The Secret to a Juicy Bird
No one wants to eat a dry turkey on Thanksgiving - or any other time! Luckily, it's easy to add some moisture and flavor without a lot of extra prep work. If you haven't brined your Thanksgiving turkey before, why not try something new?
We’ve got a simple, easy recipe using aromatic herbs from your survival garden. You'll love how this simple recipe adds something special to your holiday feast!
- 1 gallon ice water
- 1 gallon apple cider (or more water)
- 2 cups kosher salt
- 1/2 cup brown sugar
- 10 cloves garlic, crushed
- 8 stems fresh thyme
- 6 stems fresh sage
- 10 sprigs fresh rosemary
- 1 1/2 teaspoon allspice berries, cracked
- 1 tablespoon cracked black peppercorns
- 2-4 bay leaves
- Ice as needed
Combine 8 cups apple cider or water with salt and brown sugar and bring to a boil for at least 5 minutes, or long enough to dissolve the sugar. Allow this mixture to cool thoroughly before adding all the remaining ingredients.
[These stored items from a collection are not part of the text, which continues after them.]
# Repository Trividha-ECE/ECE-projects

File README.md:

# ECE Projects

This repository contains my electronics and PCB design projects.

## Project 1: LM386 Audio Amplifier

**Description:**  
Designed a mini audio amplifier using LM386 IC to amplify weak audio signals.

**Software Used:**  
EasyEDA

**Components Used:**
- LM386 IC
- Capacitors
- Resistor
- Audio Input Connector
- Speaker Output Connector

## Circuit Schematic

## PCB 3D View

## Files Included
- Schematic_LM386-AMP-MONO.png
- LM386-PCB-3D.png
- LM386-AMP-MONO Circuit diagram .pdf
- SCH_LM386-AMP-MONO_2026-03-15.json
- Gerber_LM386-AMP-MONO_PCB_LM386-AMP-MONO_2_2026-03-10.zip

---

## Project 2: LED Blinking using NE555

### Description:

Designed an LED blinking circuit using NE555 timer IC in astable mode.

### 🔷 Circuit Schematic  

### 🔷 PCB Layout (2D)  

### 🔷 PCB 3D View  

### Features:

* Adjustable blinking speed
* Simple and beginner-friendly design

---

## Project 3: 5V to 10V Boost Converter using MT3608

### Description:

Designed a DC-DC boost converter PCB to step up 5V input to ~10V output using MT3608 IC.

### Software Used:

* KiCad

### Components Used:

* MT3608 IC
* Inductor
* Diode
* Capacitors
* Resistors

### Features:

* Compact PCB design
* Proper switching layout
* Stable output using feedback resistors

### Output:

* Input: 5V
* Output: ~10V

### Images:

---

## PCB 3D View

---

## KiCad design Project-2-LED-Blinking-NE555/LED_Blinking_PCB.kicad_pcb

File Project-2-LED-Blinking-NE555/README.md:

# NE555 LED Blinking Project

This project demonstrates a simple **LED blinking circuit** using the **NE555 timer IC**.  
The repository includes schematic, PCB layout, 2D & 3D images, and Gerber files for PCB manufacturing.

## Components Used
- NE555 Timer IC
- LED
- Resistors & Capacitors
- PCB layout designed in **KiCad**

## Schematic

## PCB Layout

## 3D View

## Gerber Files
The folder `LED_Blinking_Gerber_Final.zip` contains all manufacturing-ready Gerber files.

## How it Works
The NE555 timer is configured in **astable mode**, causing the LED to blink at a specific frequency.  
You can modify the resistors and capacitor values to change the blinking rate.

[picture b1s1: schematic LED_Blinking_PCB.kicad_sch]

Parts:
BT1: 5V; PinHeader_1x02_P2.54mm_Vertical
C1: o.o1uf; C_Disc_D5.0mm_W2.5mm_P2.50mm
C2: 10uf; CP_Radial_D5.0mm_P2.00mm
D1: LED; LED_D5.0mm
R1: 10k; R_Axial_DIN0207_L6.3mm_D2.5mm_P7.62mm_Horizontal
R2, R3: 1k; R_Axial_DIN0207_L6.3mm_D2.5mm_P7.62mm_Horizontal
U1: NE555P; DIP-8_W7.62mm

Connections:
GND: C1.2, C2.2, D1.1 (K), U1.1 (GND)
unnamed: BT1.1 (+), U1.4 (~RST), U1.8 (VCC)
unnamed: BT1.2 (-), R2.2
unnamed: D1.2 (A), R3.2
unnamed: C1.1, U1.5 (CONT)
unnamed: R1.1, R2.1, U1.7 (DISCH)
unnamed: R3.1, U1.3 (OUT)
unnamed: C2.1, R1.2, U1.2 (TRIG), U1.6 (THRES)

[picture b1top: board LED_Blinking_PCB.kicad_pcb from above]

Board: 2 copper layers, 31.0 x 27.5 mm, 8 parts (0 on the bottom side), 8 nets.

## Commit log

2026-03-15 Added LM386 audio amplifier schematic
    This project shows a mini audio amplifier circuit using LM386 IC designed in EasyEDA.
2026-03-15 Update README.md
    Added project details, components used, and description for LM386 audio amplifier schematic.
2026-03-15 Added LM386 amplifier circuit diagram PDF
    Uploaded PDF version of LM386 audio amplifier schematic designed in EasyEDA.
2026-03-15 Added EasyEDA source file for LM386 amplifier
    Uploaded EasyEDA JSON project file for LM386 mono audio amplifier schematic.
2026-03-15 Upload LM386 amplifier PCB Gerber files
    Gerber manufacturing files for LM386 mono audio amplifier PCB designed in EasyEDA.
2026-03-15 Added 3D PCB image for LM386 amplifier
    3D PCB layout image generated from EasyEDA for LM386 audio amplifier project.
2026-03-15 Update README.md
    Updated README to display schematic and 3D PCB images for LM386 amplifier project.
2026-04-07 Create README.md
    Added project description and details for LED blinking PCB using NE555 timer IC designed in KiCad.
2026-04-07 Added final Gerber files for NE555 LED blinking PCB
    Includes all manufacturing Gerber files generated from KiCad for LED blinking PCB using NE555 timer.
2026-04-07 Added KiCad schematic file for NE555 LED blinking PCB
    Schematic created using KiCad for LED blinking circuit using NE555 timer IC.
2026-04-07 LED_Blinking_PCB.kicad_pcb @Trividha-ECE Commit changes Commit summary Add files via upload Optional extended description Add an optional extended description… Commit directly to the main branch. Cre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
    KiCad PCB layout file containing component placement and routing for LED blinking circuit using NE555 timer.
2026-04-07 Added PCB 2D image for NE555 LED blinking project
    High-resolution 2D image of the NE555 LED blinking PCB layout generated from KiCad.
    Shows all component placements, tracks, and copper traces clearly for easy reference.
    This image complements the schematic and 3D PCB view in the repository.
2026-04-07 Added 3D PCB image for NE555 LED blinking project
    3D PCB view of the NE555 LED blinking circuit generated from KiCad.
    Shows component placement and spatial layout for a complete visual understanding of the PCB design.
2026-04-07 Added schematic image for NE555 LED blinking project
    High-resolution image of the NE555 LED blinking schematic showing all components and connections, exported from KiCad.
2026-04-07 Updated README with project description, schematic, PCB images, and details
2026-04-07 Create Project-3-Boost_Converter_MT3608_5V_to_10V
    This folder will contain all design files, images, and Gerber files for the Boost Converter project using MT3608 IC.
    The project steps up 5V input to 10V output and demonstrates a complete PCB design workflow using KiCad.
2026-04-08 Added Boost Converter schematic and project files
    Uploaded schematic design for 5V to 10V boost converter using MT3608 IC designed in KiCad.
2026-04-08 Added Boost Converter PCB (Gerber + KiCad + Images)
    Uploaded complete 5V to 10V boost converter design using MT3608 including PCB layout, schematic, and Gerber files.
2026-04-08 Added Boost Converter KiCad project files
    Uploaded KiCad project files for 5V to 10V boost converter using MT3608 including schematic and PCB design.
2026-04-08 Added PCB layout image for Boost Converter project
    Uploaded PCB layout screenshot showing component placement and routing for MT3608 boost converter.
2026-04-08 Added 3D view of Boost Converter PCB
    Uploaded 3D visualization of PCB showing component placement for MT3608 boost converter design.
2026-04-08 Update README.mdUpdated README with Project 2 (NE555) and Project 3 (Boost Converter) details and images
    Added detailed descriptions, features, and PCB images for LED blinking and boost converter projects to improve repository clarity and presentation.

Add brine to a 5 gallon bucket or other large container and submerge your turkey or other bird. Start out breast side down. If needed, add some weight to keep your bird fully immersed. Keep submerged for anywhere from 16-24 hours, flipping halfway through. If you're brining an especially large bird, you can brine for up to 48 hours.
Make sure you keep your bird at least 38-40°F at all times for food safety. If you live in cold weather, you can cover your bucket with a lid and set it in the snow 24 hours before cooking, or in the fridge overnight if it’s not cold enough. Another option is to put the bucket in a cooler and pack ice around the bucket.
When it's time to cook, take your turkey out, drain the bird and discard the brine. Pat your bird dry, season it, and roast it like you would normally. YUM!